Computing group means and the variance


Please follow these instructions carefully, read them first! Your answers should be well structured and concise, and written in complete English sentences. Include your graphs and your code (in typewriter font), comment it. Do not forget to number your answers to refer to the corresponding tasks below.

Tasks

Question1)

Create a data frame in R that will look like this:

fact variable1
A .
A .
. .
B .
B .
. .
C .
. .
D .
. .
The final dimension of the data set should be 48 rows by 2 columns. Each factor level (A, B, C, D) is replicated 12 times. For variable 1, use the following code:
                          variable1=rnorm(48,10)*(rep(rpois(4,.2),each=12)/8+1)
Give this data frame a name of your choice and show the code you used to create it. Explain as much of the code to populate variable 1 with numbers.
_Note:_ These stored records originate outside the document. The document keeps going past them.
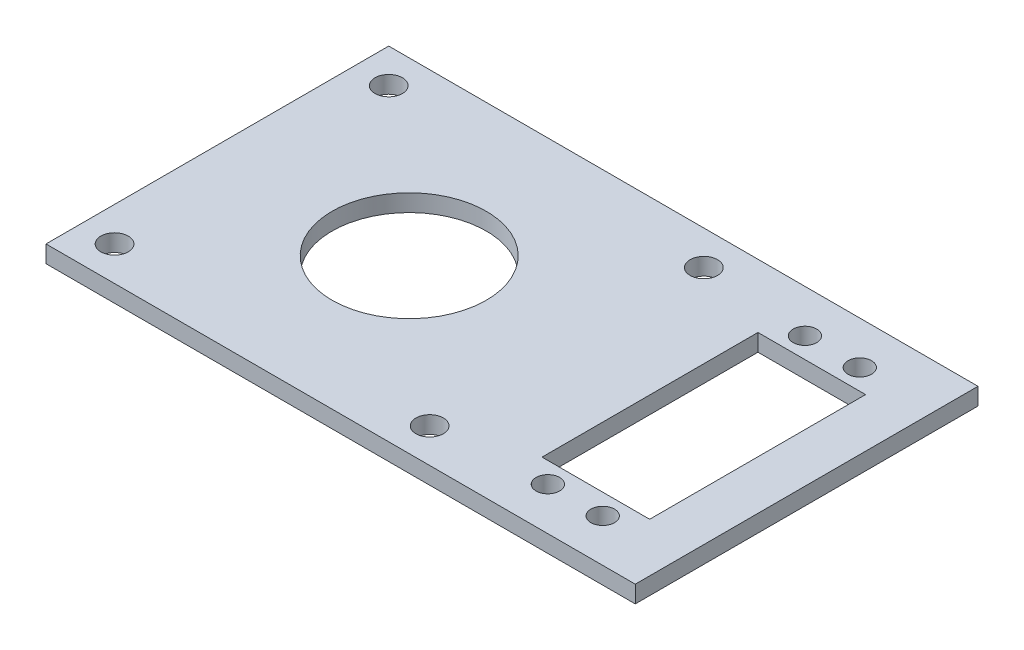
ISO-10303-21;
HEADER;
FILE_DESCRIPTION(('STEP AP214'),'2;1');
FILE_NAME('part.step','',(''),(''),'','','');
FILE_SCHEMA(('AUTOMOTIVE_DESIGN { 1 0 10303 214 1 1 1 1 }'));
ENDSEC;
DATA;
#1=APPLICATION_CONTEXT('core data for automotive mechanical design processes');
#2=APPLICATION_PROTOCOL_DEFINITION('international standard','automotive_design',2000,#1);
#3=PRODUCT_CONTEXT('',#1,'mechanical');
#4=PRODUCT('Part','Part','',(#3));
#5=PRODUCT_RELATED_PRODUCT_CATEGORY('part','',(#4));
#6=PRODUCT_DEFINITION_FORMATION('','',#4);
#7=PRODUCT_DEFINITION_CONTEXT('part definition',#1,'design');
#8=PRODUCT_DEFINITION('design','',#6,#7);
#9=PRODUCT_DEFINITION_SHAPE('','',#8);
#10=(LENGTH_UNIT() NAMED_UNIT(*) SI_UNIT(.MILLI.,.METRE.));
#11=(NAMED_UNIT(*) PLANE_ANGLE_UNIT() SI_UNIT($,.RADIAN.));
#12=(NAMED_UNIT(*) SI_UNIT($,.STERADIAN.) SOLID_ANGLE_UNIT());
#13=UNCERTAINTY_MEASURE_WITH_UNIT(LENGTH_MEASURE(1.E-05),#10,'distance_accuracy_value','');
#14=(GEOMETRIC_REPRESENTATION_CONTEXT(3) GLOBAL_UNCERTAINTY_ASSIGNED_CONTEXT((#13)) GLOBAL_UNIT_ASSIGNED_CONTEXT((#10,
#11,#12)) REPRESENTATION_CONTEXT('',''));
#15=CARTESIAN_POINT('',(0.,0.,0.));
#16=DIRECTION('',(0.,0.,1.));
#17=DIRECTION('',(1.,0.,0.));
#18=AXIS2_PLACEMENT_3D('',#15,#16,#17);
#19=CARTESIAN_POINT('',(0.,3.175,0.));
#20=DIRECTION('',(0.,-1.,0.));
#21=DIRECTION('',(0.,0.,-1.));
#22=AXIS2_PLACEMENT_3D('',#19,#20,#21);
#23=PLANE('',#22);
#24=DIRECTION('',(0.,0.,-1.));
#25=VECTOR('',#24,1.);
#26=CARTESIAN_POINT('',(19.05,3.175,-21.3995));
#27=LINE('',#26,#25);
#28=CARTESIAN_POINT('',(19.05,3.175,42.1005));
#29=VERTEX_POINT('',#28);
#30=CARTESIAN_POINT('',(19.05,3.175,-21.3995));
#31=VERTEX_POINT('',#30);
#32=EDGE_CURVE('E181',#29,#31,#27,.T.);
#33=ORIENTED_EDGE('',*,*,#32,.T.);
#34=DIRECTION('',(-1.,0.,0.));
#35=VECTOR('',#34,1.);
#36=CARTESIAN_POINT('',(19.05,3.175,-21.3995));
#37=LINE('',#36,#35);
#38=CARTESIAN_POINT('',(-90.129825169305,3.175,-21.3995));
#39=VERTEX_POINT('',#38);
#40=EDGE_CURVE('E184',#31,#39,#37,.T.);
#41=ORIENTED_EDGE('',*,*,#40,.T.);
#42=DIRECTION('',(0.,0.,1.));
#43=VECTOR('',#42,1.);
#44=CARTESIAN_POINT('',(-90.129825169305,3.175,42.1005));
#45=LINE('',#44,#43);
#46=CARTESIAN_POINT('',(-90.129825169305,3.175,42.1005));
#47=VERTEX_POINT('',#46);
#48=EDGE_CURVE('E118',#39,#47,#45,.T.);
#49=ORIENTED_EDGE('',*,*,#48,.T.);
#50=DIRECTION('',(1.,0.,0.));
#51=VECTOR('',#50,1.);
#52=CARTESIAN_POINT('',(19.05,3.175,42.1005));
#53=LINE('',#52,#51);
#54=EDGE_CURVE('E186',#47,#29,#53,.T.);
#55=ORIENTED_EDGE('',*,*,#54,.T.);
#56=EDGE_LOOP('',(#33,#41,#49,#55));
#57=FACE_BOUND('',#56,.T.);
#58=DIRECTION('',(0.,0.,-1.));
#59=VECTOR('',#58,1.);
#60=CARTESIAN_POINT('',(9.96950000000001,3.175,30.353));
#61=LINE('',#60,#59);
#62=CARTESIAN_POINT('',(9.96950000000001,3.175,30.353));
#63=VERTEX_POINT('',#62);
#64=CARTESIAN_POINT('',(9.96950000000001,3.175,-9.652));
#65=VERTEX_POINT('',#64);
#66=EDGE_CURVE('E156',#63,#65,#61,.T.);
#67=ORIENTED_EDGE('',*,*,#66,.F.);
#68=DIRECTION('',(1.,0.,0.));
#69=VECTOR('',#68,1.);
#70=CARTESIAN_POINT('',(-9.96949999999999,3.175,30.353));
#71=LINE('',#70,#69);
#72=CARTESIAN_POINT('',(-9.96949999999999,3.175,30.353));
#73=VERTEX_POINT('',#72);
#74=EDGE_CURVE('E163',#73,#63,#71,.T.);
#75=ORIENTED_EDGE('',*,*,#74,.F.);
#76=DIRECTION('',(0.,0.,1.));
#77=VECTOR('',#76,1.);
#78=CARTESIAN_POINT('',(-9.96949999999999,3.175,30.353));
#79=LINE('',#78,#77);
#80=CARTESIAN_POINT('',(-9.96949999999999,3.175,-9.652));
#81=VERTEX_POINT('',#80);
#82=EDGE_CURVE('E161',#81,#73,#79,.T.);
#83=ORIENTED_EDGE('',*,*,#82,.F.);
#84=DIRECTION('',(-1.,0.,0.));
#85=VECTOR('',#84,1.);
#86=CARTESIAN_POINT('',(-9.96949999999999,3.175,-9.652));
#87=LINE('',#86,#85);
#88=EDGE_CURVE('E158',#65,#81,#87,.T.);
#89=ORIENTED_EDGE('',*,*,#88,.F.);
#90=EDGE_LOOP('',(#67,#75,#83,#89));
#91=FACE_BOUND('',#90,.T.);
#92=CARTESIAN_POINT('',(5.08000000000001,3.175,-13.462));
#93=DIRECTION('',(0.,1.,0.));
#94=DIRECTION('',(0.,0.,1.));
#95=AXIS2_PLACEMENT_3D('',#92,#93,#94);
#96=CIRCLE('',#95,2.1844);
#97=CARTESIAN_POINT('',(5.08000000000001,3.175,-11.2776));
#98=VERTEX_POINT('',#97);
#99=EDGE_CURVE('E151',#98,#98,#96,.T.);
#100=ORIENTED_EDGE('',*,*,#99,.F.);
#101=EDGE_LOOP('',(#100));
#102=FACE_BOUND('',#101,.T.);
#103=CARTESIAN_POINT('',(-5.07999999999999,3.175,-13.462));
#104=DIRECTION('',(0.,1.,0.));
#105=DIRECTION('',(0.,0.,1.));
#106=AXIS2_PLACEMENT_3D('',#103,#104,#105);
#107=CIRCLE('',#106,2.1844);
#108=CARTESIAN_POINT('',(-5.07999999999999,3.175,-11.2776));
#109=VERTEX_POINT('',#108);
#110=EDGE_CURVE('E145',#109,#109,#107,.T.);
#111=ORIENTED_EDGE('',*,*,#110,.F.);
#112=EDGE_LOOP('',(#111));
#113=FACE_BOUND('',#112,.T.);
#114=CARTESIAN_POINT('',(-5.07999999999999,3.175,34.163));
#115=DIRECTION('',(0.,1.,0.));
#116=DIRECTION('',(0.,0.,1.));
#117=AXIS2_PLACEMENT_3D('',#114,#115,#116);
#118=CIRCLE('',#117,2.1844);
#119=CARTESIAN_POINT('',(-5.07999999999999,3.175,36.3474));
#120=VERTEX_POINT('',#119);
#121=EDGE_CURVE('E139',#120,#120,#118,.T.);
#122=ORIENTED_EDGE('',*,*,#121,.F.);
#123=EDGE_LOOP('',(#122));
#124=FACE_BOUND('',#123,.T.);
#125=CARTESIAN_POINT('',(5.08000000000001,3.175,34.163));
#126=DIRECTION('',(0.,1.,0.));
#127=DIRECTION('',(0.,0.,1.));
#128=AXIS2_PLACEMENT_3D('',#125,#126,#127);
#129=CIRCLE('',#128,2.1844);
#130=CARTESIAN_POINT('',(5.08000000000001,3.175,36.3474));
#131=VERTEX_POINT('',#130);
#132=EDGE_CURVE('E133',#131,#131,#129,.T.);
#133=ORIENTED_EDGE('',*,*,#132,.F.);
#134=EDGE_LOOP('',(#133));
#135=FACE_BOUND('',#134,.T.);
#136=CARTESIAN_POINT('',(-83.779825169305,3.175,35.7505));
#137=DIRECTION('',(0.,1.,0.));
#138=DIRECTION('',(0.,0.,1.));
#139=AXIS2_PLACEMENT_3D('',#136,#137,#138);
#140=CIRCLE('',#139,2.54);
#141=CARTESIAN_POINT('',(-83.779825169305,3.175,38.2905));
#142=VERTEX_POINT('',#141);
#143=EDGE_CURVE('E214',#142,#142,#140,.T.);
#144=ORIENTED_EDGE('',*,*,#143,.F.);
#145=EDGE_LOOP('',(#144));
#146=FACE_BOUND('',#145,.T.);
#147=CARTESIAN_POINT('',(-25.4,3.175,35.7505));
#148=DIRECTION('',(0.,1.,0.));
#149=DIRECTION('',(0.,0.,1.));
#150=AXIS2_PLACEMENT_3D('',#147,#148,#149);
#151=CIRCLE('',#150,2.54);
#152=CARTESIAN_POINT('',(-25.4,3.175,38.2905));
#153=VERTEX_POINT('',#152);
#154=EDGE_CURVE('E218',#153,#153,#151,.T.);
#155=ORIENTED_EDGE('',*,*,#154,.F.);
#156=EDGE_LOOP('',(#155));
#157=FACE_BOUND('',#156,.T.);
#158=CARTESIAN_POINT('',(-25.4,3.175,-15.0495));
#159=DIRECTION('',(0.,1.,0.));
#160=DIRECTION('',(0.,0.,1.));
#161=AXIS2_PLACEMENT_3D('',#158,#159,#160);
#162=CIRCLE('',#161,2.54);
#163=CARTESIAN_POINT('',(-25.4,3.175,-12.5095));
#164=VERTEX_POINT('',#163);
#165=EDGE_CURVE('E222',#164,#164,#162,.T.);
#166=ORIENTED_EDGE('',*,*,#165,.F.);
#167=EDGE_LOOP('',(#166));
#168=FACE_BOUND('',#167,.T.);
#169=CARTESIAN_POINT('',(-83.779825169305,3.175,-15.0495));
#170=DIRECTION('',(0.,1.,0.));
#171=DIRECTION('',(0.,0.,1.));
#172=AXIS2_PLACEMENT_3D('',#169,#170,#171);
#173=CIRCLE('',#172,2.54);
#174=CARTESIAN_POINT('',(-83.779825169305,3.175,-12.5095));
#175=VERTEX_POINT('',#174);
#176=EDGE_CURVE('E226',#175,#175,#173,.T.);
#177=ORIENTED_EDGE('',*,*,#176,.F.);
#178=EDGE_LOOP('',(#177));
#179=FACE_BOUND('',#178,.T.);
#180=CARTESIAN_POINT('',(-54.5899125846525,3.175,10.3505));
#181=DIRECTION('',(0.,1.,0.));
#182=DIRECTION('',(0.,0.,1.));
#183=AXIS2_PLACEMENT_3D('',#180,#181,#182);
#184=CIRCLE('',#183,14.2875);
#185=CARTESIAN_POINT('',(-54.5899125846525,3.175,24.638));
#186=VERTEX_POINT('',#185);
#187=EDGE_CURVE('E128',#186,#186,#184,.T.);
#188=ORIENTED_EDGE('',*,*,#187,.F.);
#189=EDGE_LOOP('',(#188));
#190=FACE_BOUND('',#189,.T.);
#191=ADVANCED_FACE('F33',(#57,#91,#102,#113,#124,#135,#146,#157,#168,#179,#190),#23,.F.);
#192=CARTESIAN_POINT('',(0.,0.,0.));
#193=DIRECTION('',(0.,-1.,0.));
#194=DIRECTION('',(0.,0.,-1.));
#195=AXIS2_PLACEMENT_3D('',#192,#193,#194);
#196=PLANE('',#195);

Comment on the details of the code.

Question 2)

Think of a situation (an experiment or observational study) within your (future) area of research that could produce such a data set. Explain (hypothetically) what was done and how the data were obtained. Throughout the rest of this assignment, pretend these are real data. However, in your interpretation, you may comment at any stage on how the data were created.

Question 3)

Explore your data set using at least 2 commands to summarise your data and at least 2 commands to visually depict your data (plots, histograms,...). At each step / for each plot you create, comment on what you see and what you learn from it.

Question 4)

Compare the maximum and minimum values within each group (factor level) to their respective group means. What is the largest absolute difference between one of your values and its group mean? What are the chances of obtaining such a value, assuming the data are normally distributed and centered around the respective group mean with a standard deviation of 1?

Question 5)
 Formulate a hypothesis based on task 1 that you can test using ANOVA. Perform the analysis. Briefly explain what the F-value tells you and interpret the p-value. Draw a conclusion.

Question 6)

Regardless of whether you found significant differences between groups or not, perform a Tukey’s HSD test to determine what groups are significantly different from each other (even if none are). Briefly interpret this result in view of the nature of your data.

Question 7)

Explain why the output contains an ‘adjusted p-value’. What does it adjust for? Can you outline a simulation experiment in R (you don’t need but you can show how you would program it) that illustrates the problem of multiple comparisons?

Question 8)

Compute the group means and then the variance of the group means for variable1 and assign this number to an object called ‘betweenVar’, meaning ‘between group variance’. Also compute the within-group variance of variable1 and assign this number to an object called ‘withinVar’ for ‘within group variance’.

Question 9)

Using the within- and between groups variances from the task above, conduct a power test for your ANOVA. Regardless of whether your ANOVA result was significant or not, discuss all aspects of the power test (sample size, type I and type II error, power, within- and between group variance) in accordance with the outcome of your ANOVA (as in task 4) and the nature of your data as you described it in task 1. For example, if your ANOVA did not find a significant difference between groups, discuss how you could change your experimental set-up to find an expected difference. Or, if your ANOVA was significant, discuss the power of your test and (for example) your type I error probability and whether / how you could reduce it. Talk about what the design of a larger experiment could look like based on the results of your pilot study, e.g. by bringing in financial aspects.

Question 10)

Show the differences between groups in a bar plot with standard errors. Mark those groups that do not differ significantly with the same letters. Adjust the margins, the label and tick size and position etc. until you think this graph could be published in a journal. Draft a figure caption that contains all the needed information: What is shown? Where? How was it measured? When? What test are the letters referring to?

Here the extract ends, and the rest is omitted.